Durante a leitura de «Tudo Passa» nota-se uma tentativa de romancear, através da personagem de Ivan Grigórievitch, uma situação que o escritor nunca experimentou: a de prisioneiro político do estado soviético, através das purgas de Estaline, principalmente a partir de 1953, data da morte deste e da tentativa de reabilitação de milhares de presos encarcerados durante dezenas de anos injustamente, alguns sem culpa formada e sob regimes duríssimos a nível correccional. O tema é esse. No entanto, convém dizer que Vassili Grossman nunca esteve preso, tendo sido o repórter oficial durante a II Guerra do jornal Estrela Vermelha órgão oficial do Exército Vermelho e segundo se pode constatar em «Vida e Destino» (proibido pelo KGB, em 1956) de uma coragem excepcional. Viu coisas, descritas nesse livro, que nenhum homem deveria ter visto. Ora, o exercício de Grossman em «Tudo Passa» sai infelizmente gorado, segundo a minha opinião: não está em causa a denúncia dos crimes de Estaline. Estão lá todos e inclusive a descrição minuciosa de como se faziam as denúncias, as causas de muitas dessas mesmas confissões, as gerações de comunistas, de operários  eliminados igualmente na guerra civil de 1918-20 (talvez os mais esclarecidos e que muita falta farão ao futuro governo soviético e sovietes), de social-democratas, socialistas-revolucionários, mencheviques, anarquistas e populistas de esquerda que perderam a vida. Segundo o autor, a partir de 1924, ano da morte de Lenine, e principalmente a partir de finais dos anos 20, as purgas iniciaram-se e logo em 1931 com o caso dos «médicos assassinos» atribuídos a judeus acusados de ligações aos EUA e aos imperialistas europeus, segundo as acusações. Também a morte de Kirov foi um argumento que levou à existência de um clima de perseguição aos «conspiradores» por todo o lado. Estaline vê assim, e a partir daqui, o caminho a abrir-se para a sua estratégia pessoal. Bastava para ele «arrumar» convenientemente todos os que estiveram na guerra civil entre o Exército Vermelho, liderado por Trotsky e os que, com algumas nuances, ainda eram fiéis à ideia do comunismo internacionalista, e os Brancos de Deníkin, Koltchak ou Wrangel. Quase todo o comité central bolchevique pereceu, então, às mãos de juízes alinhados com Estaline nos processos de Moscovo a partir de 1935: Bukarine, Zinoviev, Khamenev, Radek, etc...,etc..., até ao assassinato, pela GPU, de Lev Trotsky, em 1940, no México.

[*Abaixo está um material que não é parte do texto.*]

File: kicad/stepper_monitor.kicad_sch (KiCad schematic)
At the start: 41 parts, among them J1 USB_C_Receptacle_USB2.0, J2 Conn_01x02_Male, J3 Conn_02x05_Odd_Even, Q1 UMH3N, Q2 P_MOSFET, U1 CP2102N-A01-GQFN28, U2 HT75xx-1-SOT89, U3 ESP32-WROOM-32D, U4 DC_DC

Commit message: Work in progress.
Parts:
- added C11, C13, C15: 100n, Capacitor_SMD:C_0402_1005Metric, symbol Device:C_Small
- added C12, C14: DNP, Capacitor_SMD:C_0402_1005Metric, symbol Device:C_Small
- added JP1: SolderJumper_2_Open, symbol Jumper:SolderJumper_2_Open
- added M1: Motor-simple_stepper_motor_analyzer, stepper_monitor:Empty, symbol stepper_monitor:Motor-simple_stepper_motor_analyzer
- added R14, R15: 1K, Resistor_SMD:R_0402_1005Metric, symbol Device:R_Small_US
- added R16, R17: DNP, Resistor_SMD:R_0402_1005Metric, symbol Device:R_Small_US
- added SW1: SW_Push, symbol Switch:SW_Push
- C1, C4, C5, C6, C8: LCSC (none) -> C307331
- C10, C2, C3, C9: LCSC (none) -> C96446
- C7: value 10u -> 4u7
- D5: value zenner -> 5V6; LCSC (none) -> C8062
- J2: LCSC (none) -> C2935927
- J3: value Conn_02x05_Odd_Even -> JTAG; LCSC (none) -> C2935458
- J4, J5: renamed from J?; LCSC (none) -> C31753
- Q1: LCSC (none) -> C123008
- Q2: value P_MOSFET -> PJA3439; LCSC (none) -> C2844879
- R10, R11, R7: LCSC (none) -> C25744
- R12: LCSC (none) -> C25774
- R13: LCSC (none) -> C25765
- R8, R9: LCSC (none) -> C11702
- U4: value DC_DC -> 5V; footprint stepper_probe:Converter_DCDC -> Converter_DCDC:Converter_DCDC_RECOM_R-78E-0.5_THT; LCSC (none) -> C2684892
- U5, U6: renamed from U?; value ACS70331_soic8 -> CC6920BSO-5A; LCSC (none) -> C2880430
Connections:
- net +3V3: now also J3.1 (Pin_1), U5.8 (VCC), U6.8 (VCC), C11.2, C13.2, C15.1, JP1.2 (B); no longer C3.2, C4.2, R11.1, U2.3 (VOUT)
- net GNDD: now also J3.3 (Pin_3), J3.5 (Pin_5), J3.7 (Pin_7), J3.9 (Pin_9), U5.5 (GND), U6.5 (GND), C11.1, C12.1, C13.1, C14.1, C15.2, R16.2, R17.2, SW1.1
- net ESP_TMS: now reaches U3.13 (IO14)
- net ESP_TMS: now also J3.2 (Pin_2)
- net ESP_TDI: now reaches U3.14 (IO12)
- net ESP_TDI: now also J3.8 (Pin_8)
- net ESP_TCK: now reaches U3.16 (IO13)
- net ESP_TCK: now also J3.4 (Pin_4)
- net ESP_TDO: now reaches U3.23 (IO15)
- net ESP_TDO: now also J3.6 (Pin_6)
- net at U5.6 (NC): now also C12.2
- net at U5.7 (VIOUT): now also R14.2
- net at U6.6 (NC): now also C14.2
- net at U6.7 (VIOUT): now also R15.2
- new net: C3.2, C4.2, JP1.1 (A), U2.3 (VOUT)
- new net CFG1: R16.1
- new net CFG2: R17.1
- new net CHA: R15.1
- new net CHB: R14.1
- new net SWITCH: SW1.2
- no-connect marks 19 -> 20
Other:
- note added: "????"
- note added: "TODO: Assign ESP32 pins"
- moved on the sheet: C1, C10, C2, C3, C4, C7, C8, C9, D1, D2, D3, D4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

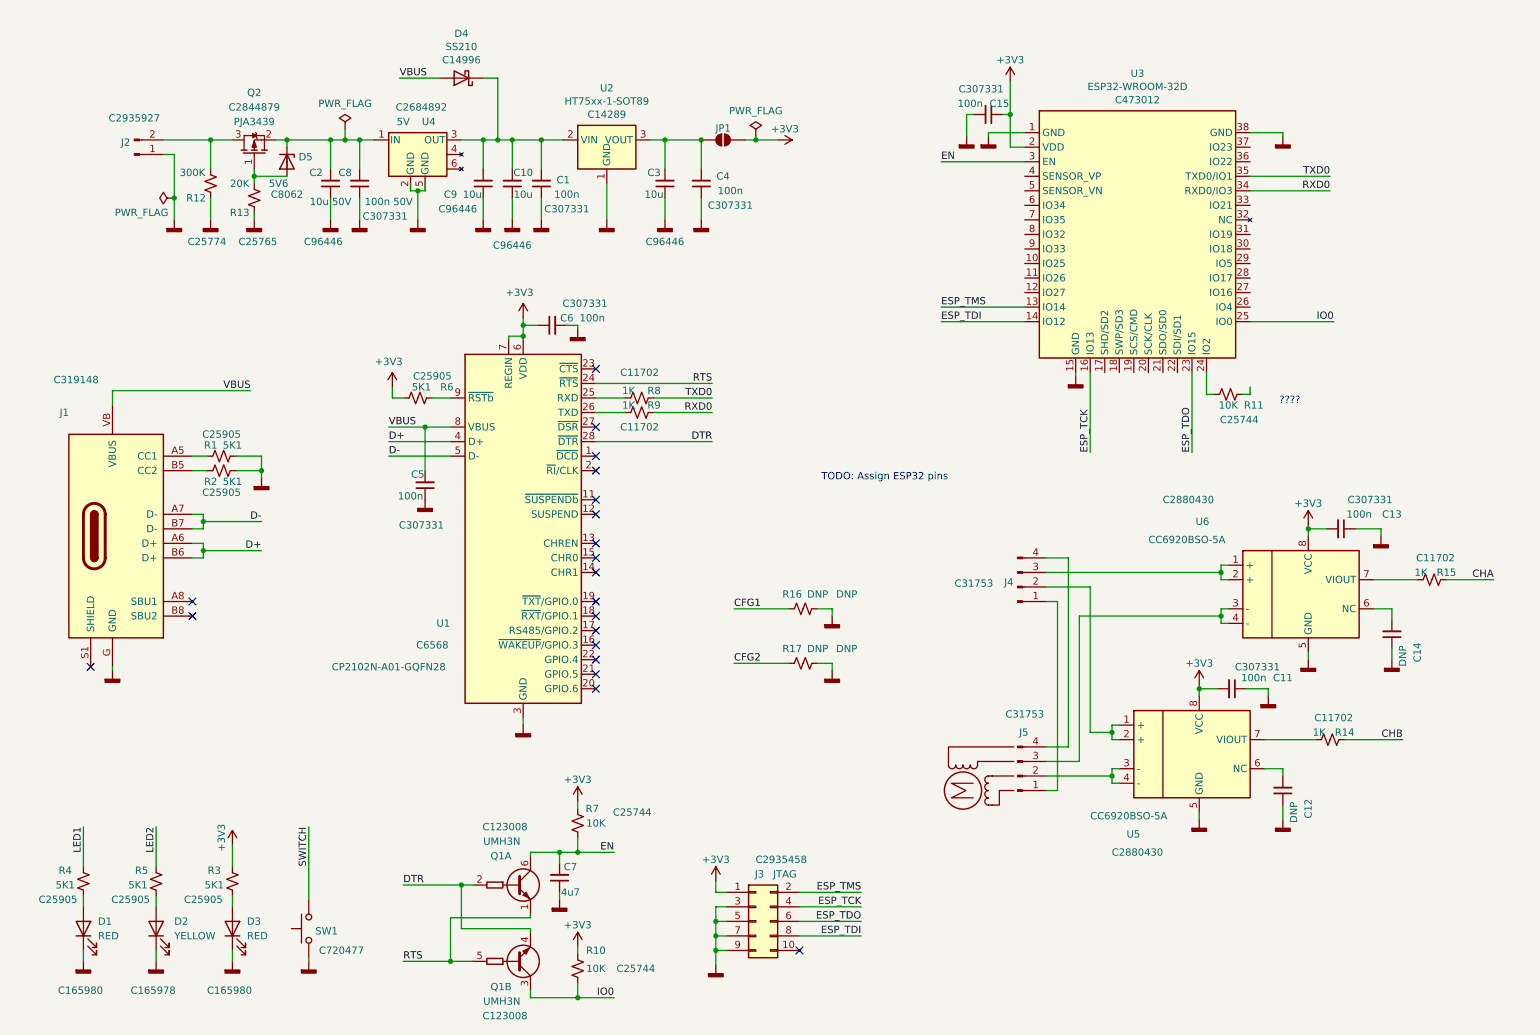
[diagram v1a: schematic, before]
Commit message: Updated the schematic: Fixed the power selection circuit.
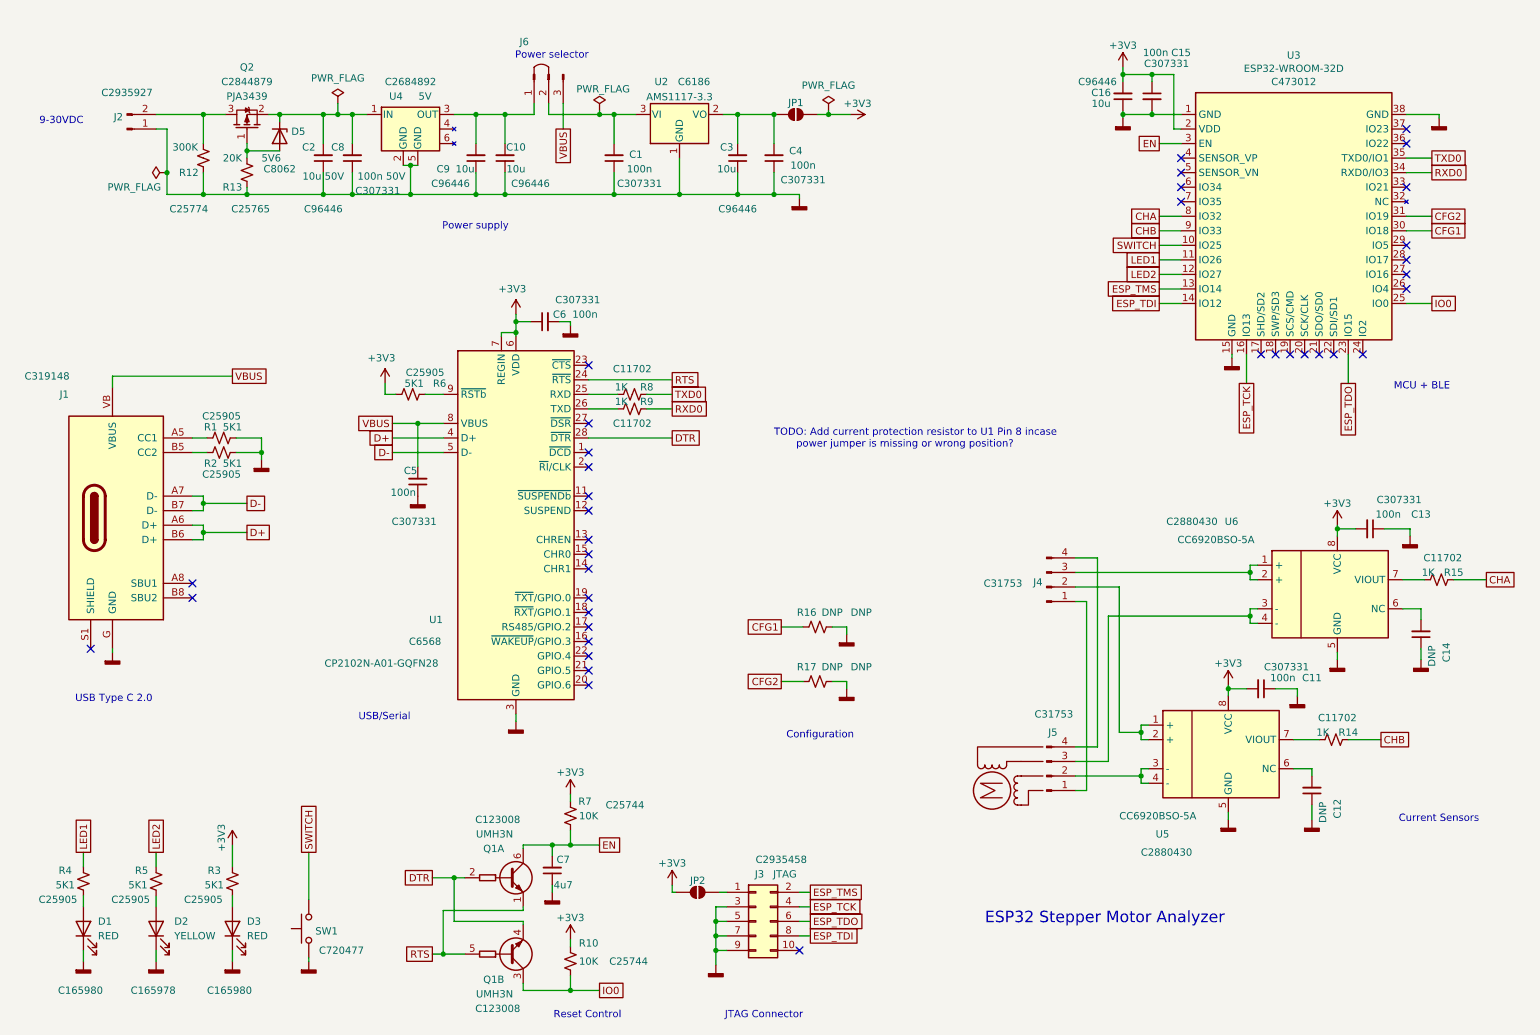
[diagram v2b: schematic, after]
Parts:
- removed D4: SS210, symbol Device:D_Schottky
- removed R11: 10K, Resistor_SMD:R_0402_1005Metric, symbol Device:R_Small_US
- removed U2: HT75xx-1-SOT89, Package_TO_SOT_SMD:SOT-89-3, symbol stepper_monitor:HT75xx-1-SOT89
- added C16: 10u, Capacitor_SMD:C_0402_1005Metric, symbol Device:C_Small
- added J6: Conn_01x03_Male, Connector_PinHeader_2.54mm:PinHeader_1x03_P2.54mm_Vertical, symbol stepper_monitor:Conn_01x03_jumper
- added JP2: SolderJumper_2_Open, Jumper:SolderJumper-2_P1.3mm_Open_RoundedPad1.0x1.5mm, symbol Jumper:SolderJumper_2_Open
- added U2: AMS1117-3.3, Package_TO_SOT_SMD:SOT-223-3_TabPin2, symbol Regulator_Linear:AMS1117-3.3
- D1, D2, D3: footprint (none) -> stepper_probe:LED_0402_1005Metric_Pad0.77x0.64mm_HandSolder
- J2: footprint (none) -> stepper_probe:PinHeader_1x02_P2.54mm_Horizontal_JLCPCB
- J4, J5: footprint (none) -> stepper_probe:connector_4pins_horizontal
- JP1: footprint (none) -> Jumper:SolderJumper-2_P1.3mm_Open_RoundedPad1.0x1.5mm
- R12: footprint Resistor_SMD:R_0402_1005Metri -> Resistor_SMD:R_0402_1005Metric
- SW1: footprint (none) -> stepper_probe:SW_Push_SPST_NO_Alps_SKRK
- U3: footprint RF_Module:ESP32-WROOM-32 -> stepper_monitor:ESP32-WROOM-32
- U4: footprint Converter_DCDC:Converter_DCDC_RECOM_R-78E-0.5_THT -> stepper_monitor:Converter_DCDC
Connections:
- net +3V3: now also C16.2, JP2.1 (A); no longer J3.1 (Pin_1)
- net CFG1: now also U3.30 (IO18)
- net CFG2: now also U3.31 (IO19)
- net CHA: now also U3.8 (IO32)
- net CHB: now also U3.9 (IO33)
- net GNDD: now also C16.1, U2.1 (GND)
- net LED1: now also U3.11 (IO26)
- net LED2: now also U3.12 (IO27)
- net SWITCH: now also U3.10 (IO25)
- net VBUS: now also J6.3 (Pin_3)
- net at C10.2, C9.2, U4.3 (OUT): now also J6.1 (Pin_1); no longer C1.2
- net at C3.2, C4.2, JP1.1 (A): now also U2.2 (VO)
- new net: C1.2, J6.2 (Pin_2), U2.3 (VI)
- new net: J3.1 (Pin_1), JP2.2 (B)
- no-connect marks 20 -> 38
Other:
- note added: "9-30VDC"
- note added: "Configuration"
- note added: "Current Sensors"
- note added: "ESP32 Stepper Motor Analyzer"
- note added: "JTAG Connector"
- note added: "MCU + BLE"
- note added: "Power selector"
- note added: "Power supply"
- note added: "Reset Control"
- note added: "TODO: Add current protection resistor to U1 Pin 8 incase power jumper is missing or wrong position?"
- note added: "USB Type C 2.0"
- note added: "USB/Serial"
- note removed: "????"
- note removed: "TODO: Assign ESP32 pins"
- moved on the sheet: C1, C10, C11, C12, C13, C14, C15, C2, C3, C4, C5, C6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

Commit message: Cleaned up a few footprints.
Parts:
- U1: footprint Package_DFN_QFN:QFN-28-1EP_5x5mm_P0.5mm_EP3.35x3.35mm -> stepper_monitor:QFN-28-1EP_5x5mm_P0.5mm_EP3.35x3.35mm
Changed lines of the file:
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@@
     (property "Reference" "U1" (id 0) (at 89.535 121.92 0))
     (property "Value" "CP2102N-A01-GQFN28" (id 1) (at 80.01 129.54 0))
-    (property "Footprint" "Package_DFN_QFN:QFN-28-1EP_5x5mm_P0.5mm_EP3.35x3.35mm" (id 2) (at 114.935 135.89 0)
+    (property "Footprint" "stepper_monitor:QFN-28-1EP_5x5mm_P0.5mm_EP3.35x3.35mm" (id 2) (at 114.935 135.89 0)
       (effects (font (size 1.27 1.27)) (justify left) hide)
     )
@@
     )
     (path "/00000000-0000-0000-0000-0000631b04ca"
-      (reference "U1") (unit 1) (value "CP2102N-A01-GQFN28") (footprint "Package_DFN_QFN:QFN-28-1EP_5x5mm_P0.5mm_EP3.35x3.35mm")
+      (reference "U1") (unit 1) (value "CP2102N-A01-GQFN28") (footprint "stepper_monitor:QFN-28-1EP_5x5mm_P0.5mm_EP3.35x3.35mm")
     )
     (path "/170ecade-8817-49a1-92ea-e91fd90a65e6"

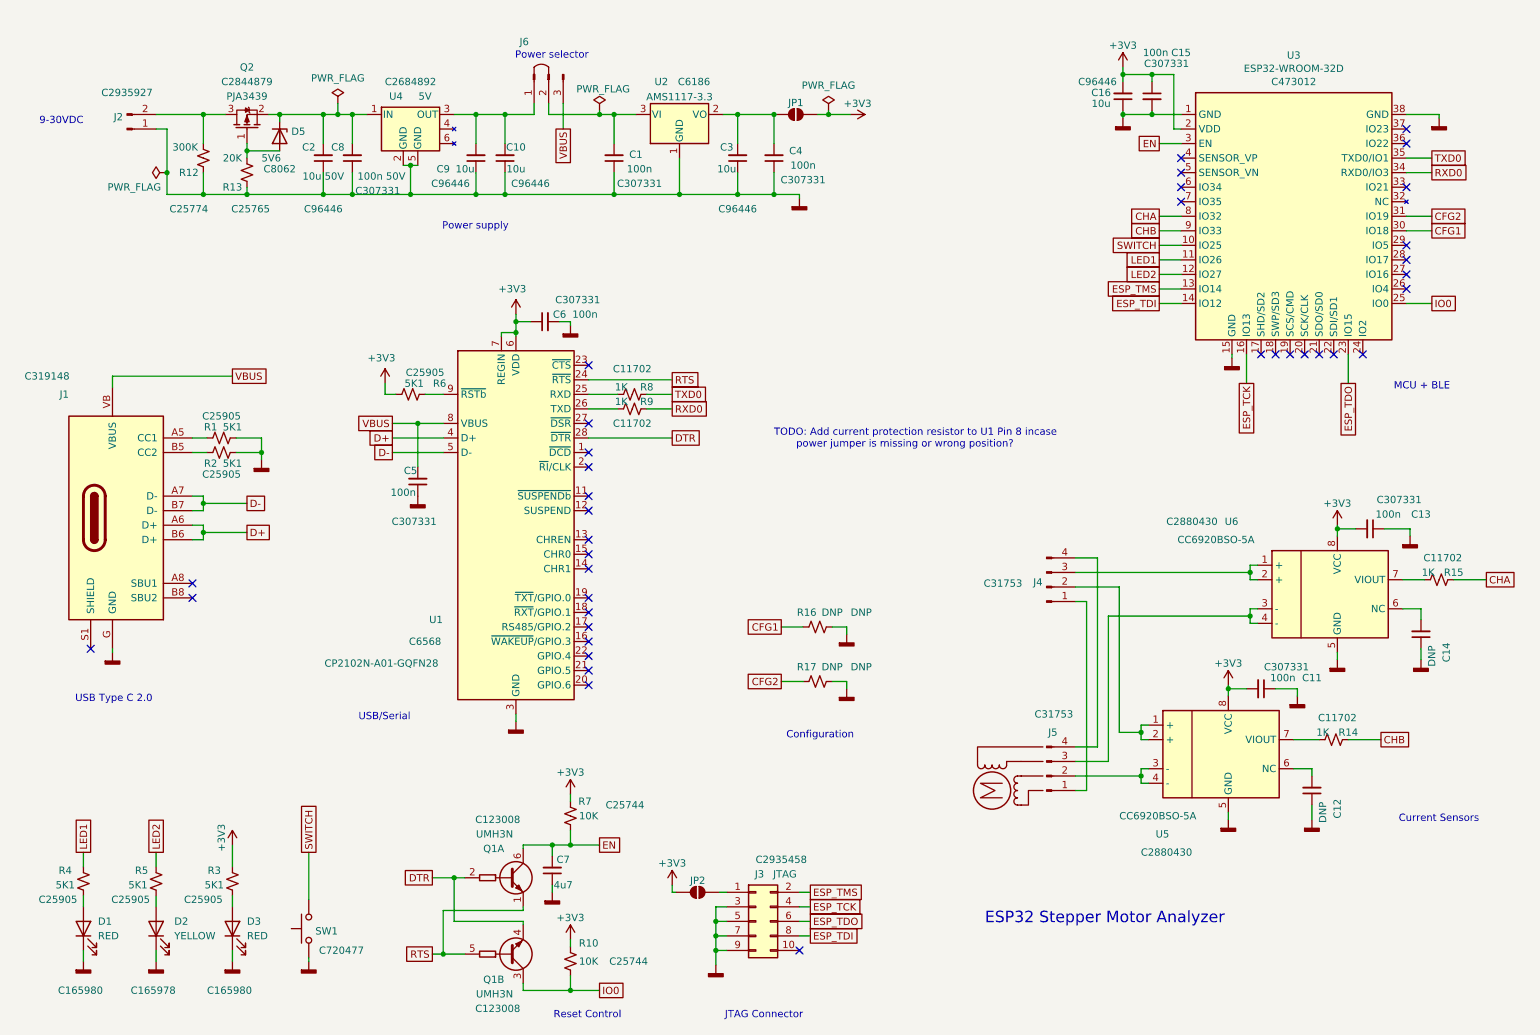
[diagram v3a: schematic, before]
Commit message: Initial placement and routing. Needs TLC.
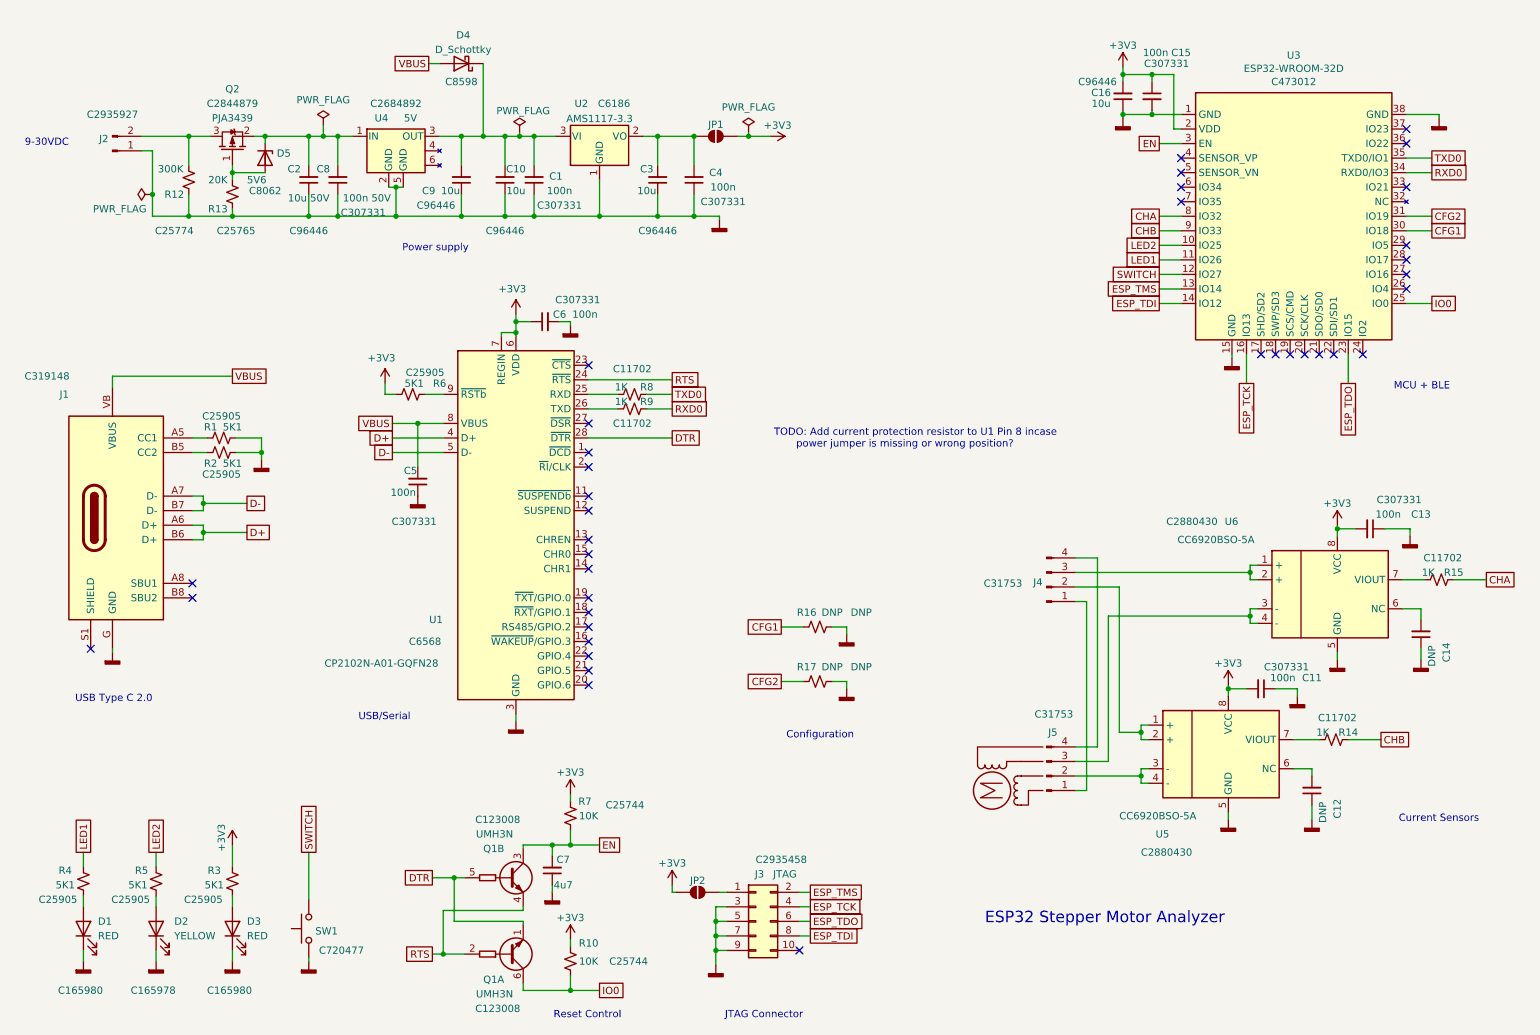
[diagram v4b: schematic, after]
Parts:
- removed J6: Conn_01x03_Male, Connector_PinHeader_2.54mm:PinHeader_1x03_P2.54mm_Vertical, symbol stepper_monitor:Conn_01x03_jumper
- added D4: D_Schottky, Diode_SMD:D_SOD-123, symbol Device:D_Schottky
- JP1, JP2: footprint Jumper:SolderJumper-2_P1.3mm_Open_RoundedPad1.0x1.5mm -> stepper_monitor:SolderJumper-2_P1.3mm_Open_RoundedPad1.0x1.5mm
- U5, U6: footprint Package_SO:SOIC-8_3.9x4.9mm_P1.27mm -> stepper_monitor:SOIC-8_3.9x4.9mm_P1.27mm
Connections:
- net DTR: now also Q1.1 (E1), Q1.5 (B2); no longer Q1.2 (B1), Q1.4 (E2)
- net EN: now also Q1.3 (C2); no longer Q1.6 (C1)
- net IO0: now also Q1.6 (C1); no longer Q1.3 (C2)
- net LED2: now also U3.10 (IO25); no longer U3.12 (IO27)
- net RTS: now also Q1.2 (B1), Q1.4 (E2); no longer Q1.1 (E1), Q1.5 (B2)
- net SWITCH: now also U3.12 (IO27); no longer U3.10 (IO25)
- net VBUS: now also D4.2 (A)
- net at C1.2, U2.3 (VI): now also C10.2, C9.2, U4.3 (OUT), D4.1 (K)
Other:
- note removed: "Power selector"
- moved on the sheet: C1, C10, C2, C3, C4, C8, C9, D5, J2, JP1, Q2, R12

Onde falha então Vassili Grossman? Não é com a denúncia dos crimes de Estaline. Isso foi feito, e até descrito, num relatório «secreto» ao XX Congresso do Pcus em 1956 e até por Trotsky na sua «Revolução Traída». O que se nota em Vassili Grossman é um amargor que se sente a cada palavra escrita, em que usa e abusa do termo «liberdade» sem que lhe dê um conceito claro. Para ele, Lenine é tão culpado como Estaline e aqui comete um erro que é visível ainda nos dias de hoje e perpetrado por historiadores de extrema-direita, direita conservadora e liberais: o de confundir deliberadamente factores subjectivos com dados objectivos da História. Escrever que, pessoalmente, Lenine era uma pessoa interessante (que se mostrava bondosa e aberta a todas as opiniões) e politicamente um verdugo do pior, estendendo a estrutura do Estado para as diatribes de Estaline é um risco que retira alguma seriedade quer às causas objectivas da revolução russa, quer a qualquer análise séria sobre a edificação do estado soviético e a resistência contra a burocracia nascente que levou ao afastamento posterior quer dos camponeses, quer de largos estratos dos operários urbanos. Nota-se igualmente o horror da descrição das fomes dos camponeses na altura da colectivização dos campos por Estaline e pela nomenklatura nascente a que Vassili Grossman assistiu e há paginas que ultrapassam em muito a nossa imaginação mais escura sobre a humanidade e a possibilidade de a regenerar de todo, tarefa que, hoje, nos parece cada vez mais difícil. Mas, nem uma palavra para os êxitos relativos da NEP que Lenine apoiou e que Bukarine e Kamenev tentaram, sem êxito, seguir. Por outro lado, Grossman tem outro ponto fraco entrando por caminhos que pertencerão à psicologia e que pouco lugar terão na política, muito menos a filigrana em que assentou as variadas correntes comunistas enquanto puderam existir: Estaline era um asiático rude, brutal, dissimulado, enquanto Lenine, um estudante urbano, com laivos e conhecimento do pensamento europeu, bem-educado, mas seguindo a regra terrível de Hegel, «o objectivo não é nada, o movimento real é tudo!»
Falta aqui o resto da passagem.